From which it may be inferred that nothing occurred to disturb the security of Gashwiler. When the door closed upon Mr. Wiles, he indited a note which, with a costly but exceedingly distasteful bouquet,—rearranged by his own fat fingers, and discord and incongruity visible in every combination of color,—he sent off by a special messenger. Then he proceeded to make his toilet,—an operation rarely graceful or picturesque in our sex, and an insult to the spectator when obesity is superadded. When he had put on a clean shirt, of which there was grossly too much, and added a white waistcoat, that seemed to accent his rotundity, he completed his attire with a black frock coat of the latest style, and surveyed himself complacently before a mirror. It is to be recorded that, however satisfactory the result might have been to Mr. Gashwiler, it was not so to the disinterested spectator. There are some men on whom “that deformed thief, Fashion,” avenges himself by making their clothes appear perennially new. The gloss of the tailor’s iron never disappears; the creases of the shelf perpetually rise in judgment against the wearer. Novelty was the general suggestion of Mr. Gashwiler’s full-dress,—it was never his habitude;—and “Our own Make,” “Nobby,” and the “Latest Style, only $15,” was as patent on the legislator’s broad back as if it still retained the shop-man’s ticket.
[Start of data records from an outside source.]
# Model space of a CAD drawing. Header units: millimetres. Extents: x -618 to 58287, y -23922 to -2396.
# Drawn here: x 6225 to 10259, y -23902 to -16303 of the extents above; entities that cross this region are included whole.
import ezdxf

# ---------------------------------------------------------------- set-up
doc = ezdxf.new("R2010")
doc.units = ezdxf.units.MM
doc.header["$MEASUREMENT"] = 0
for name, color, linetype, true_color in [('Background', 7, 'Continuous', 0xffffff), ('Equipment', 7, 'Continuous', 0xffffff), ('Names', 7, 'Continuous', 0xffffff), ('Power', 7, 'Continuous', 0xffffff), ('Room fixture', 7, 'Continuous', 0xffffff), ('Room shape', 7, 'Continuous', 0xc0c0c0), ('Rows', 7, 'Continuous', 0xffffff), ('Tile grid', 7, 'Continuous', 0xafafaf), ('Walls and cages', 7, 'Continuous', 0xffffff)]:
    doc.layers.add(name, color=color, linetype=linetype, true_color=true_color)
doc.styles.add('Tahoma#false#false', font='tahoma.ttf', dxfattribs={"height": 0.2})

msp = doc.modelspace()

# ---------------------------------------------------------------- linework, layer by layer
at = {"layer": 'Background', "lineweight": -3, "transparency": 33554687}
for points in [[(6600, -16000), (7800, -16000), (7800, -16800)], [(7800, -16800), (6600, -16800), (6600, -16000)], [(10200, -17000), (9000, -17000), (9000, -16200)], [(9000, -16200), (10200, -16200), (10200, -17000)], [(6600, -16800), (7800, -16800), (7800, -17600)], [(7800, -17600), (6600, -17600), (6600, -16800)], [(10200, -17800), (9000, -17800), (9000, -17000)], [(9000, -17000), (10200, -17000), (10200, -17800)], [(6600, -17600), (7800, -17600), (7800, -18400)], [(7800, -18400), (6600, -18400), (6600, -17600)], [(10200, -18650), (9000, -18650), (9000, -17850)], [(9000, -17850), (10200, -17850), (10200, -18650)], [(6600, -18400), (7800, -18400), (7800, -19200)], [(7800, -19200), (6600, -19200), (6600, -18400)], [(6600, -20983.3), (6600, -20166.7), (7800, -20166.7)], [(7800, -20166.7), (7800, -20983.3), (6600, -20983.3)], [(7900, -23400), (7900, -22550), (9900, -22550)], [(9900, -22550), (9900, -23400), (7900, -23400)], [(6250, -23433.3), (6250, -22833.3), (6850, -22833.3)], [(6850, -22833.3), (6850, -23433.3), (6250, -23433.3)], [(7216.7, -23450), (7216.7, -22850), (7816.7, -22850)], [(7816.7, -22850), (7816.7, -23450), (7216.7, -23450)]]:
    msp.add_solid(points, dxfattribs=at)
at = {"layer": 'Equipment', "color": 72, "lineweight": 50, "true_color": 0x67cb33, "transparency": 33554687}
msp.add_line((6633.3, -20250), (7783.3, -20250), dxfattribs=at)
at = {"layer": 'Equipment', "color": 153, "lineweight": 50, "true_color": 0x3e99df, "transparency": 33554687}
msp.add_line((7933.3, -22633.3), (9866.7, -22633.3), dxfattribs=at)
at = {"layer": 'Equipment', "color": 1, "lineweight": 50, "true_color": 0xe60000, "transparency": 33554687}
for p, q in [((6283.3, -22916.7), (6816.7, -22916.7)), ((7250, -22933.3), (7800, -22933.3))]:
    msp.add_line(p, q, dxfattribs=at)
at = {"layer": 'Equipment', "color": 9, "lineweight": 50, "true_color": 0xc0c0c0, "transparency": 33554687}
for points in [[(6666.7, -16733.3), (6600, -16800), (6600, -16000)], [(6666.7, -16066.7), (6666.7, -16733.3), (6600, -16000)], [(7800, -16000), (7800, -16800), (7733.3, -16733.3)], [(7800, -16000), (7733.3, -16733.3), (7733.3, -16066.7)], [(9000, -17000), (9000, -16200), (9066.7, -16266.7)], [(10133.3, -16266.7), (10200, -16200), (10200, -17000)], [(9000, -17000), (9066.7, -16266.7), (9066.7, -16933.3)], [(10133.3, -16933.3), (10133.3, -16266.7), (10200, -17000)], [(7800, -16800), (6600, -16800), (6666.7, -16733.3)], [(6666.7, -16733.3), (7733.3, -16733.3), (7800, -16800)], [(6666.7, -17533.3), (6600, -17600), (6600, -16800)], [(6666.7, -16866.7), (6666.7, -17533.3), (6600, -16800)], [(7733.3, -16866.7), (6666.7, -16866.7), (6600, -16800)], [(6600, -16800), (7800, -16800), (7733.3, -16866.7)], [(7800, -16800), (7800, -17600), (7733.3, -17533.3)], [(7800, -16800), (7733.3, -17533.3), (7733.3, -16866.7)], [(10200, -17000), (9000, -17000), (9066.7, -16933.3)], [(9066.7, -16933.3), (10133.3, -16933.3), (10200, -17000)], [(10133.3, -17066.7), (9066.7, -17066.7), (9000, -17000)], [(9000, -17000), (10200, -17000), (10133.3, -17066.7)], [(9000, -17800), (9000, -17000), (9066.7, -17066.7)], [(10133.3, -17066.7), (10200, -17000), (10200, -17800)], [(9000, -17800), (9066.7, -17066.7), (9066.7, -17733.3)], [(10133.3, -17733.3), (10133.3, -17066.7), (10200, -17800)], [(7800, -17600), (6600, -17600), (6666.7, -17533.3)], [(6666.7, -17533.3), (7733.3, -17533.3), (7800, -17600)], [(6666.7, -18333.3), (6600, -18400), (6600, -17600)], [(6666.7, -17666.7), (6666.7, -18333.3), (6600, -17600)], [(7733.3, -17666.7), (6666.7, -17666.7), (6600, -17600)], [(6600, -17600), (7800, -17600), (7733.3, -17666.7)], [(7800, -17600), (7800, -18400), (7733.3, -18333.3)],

Thus arrayed, within an hour he complacently followed the note and his floral offering. The house he sought had been once the residence of a foreign Ambassador, who had loyally represented his government in a single unimportant treaty, now forgotten, and in various receptions and dinners, still actively remembered by occasional visits to its salon; now the average dreary American parlor. “Dear me,” the fascinating Mr. X would say, “but do you know, love, in this very room I remember meeting the distinguished Marquis of Monte Pio;” or perhaps the fashionable Jones of the State Department instantly crushed the decayed friend he was perfunctorily visiting by saying, “’Pon my soul, you here;—why, the last time I was in this room I gossiped for an hour with the Countess de Castenet in that very corner.” For, with the recall of the aforesaid Ambassador, the mansion had become a boarding-place, kept by the wife of a departmental clerk.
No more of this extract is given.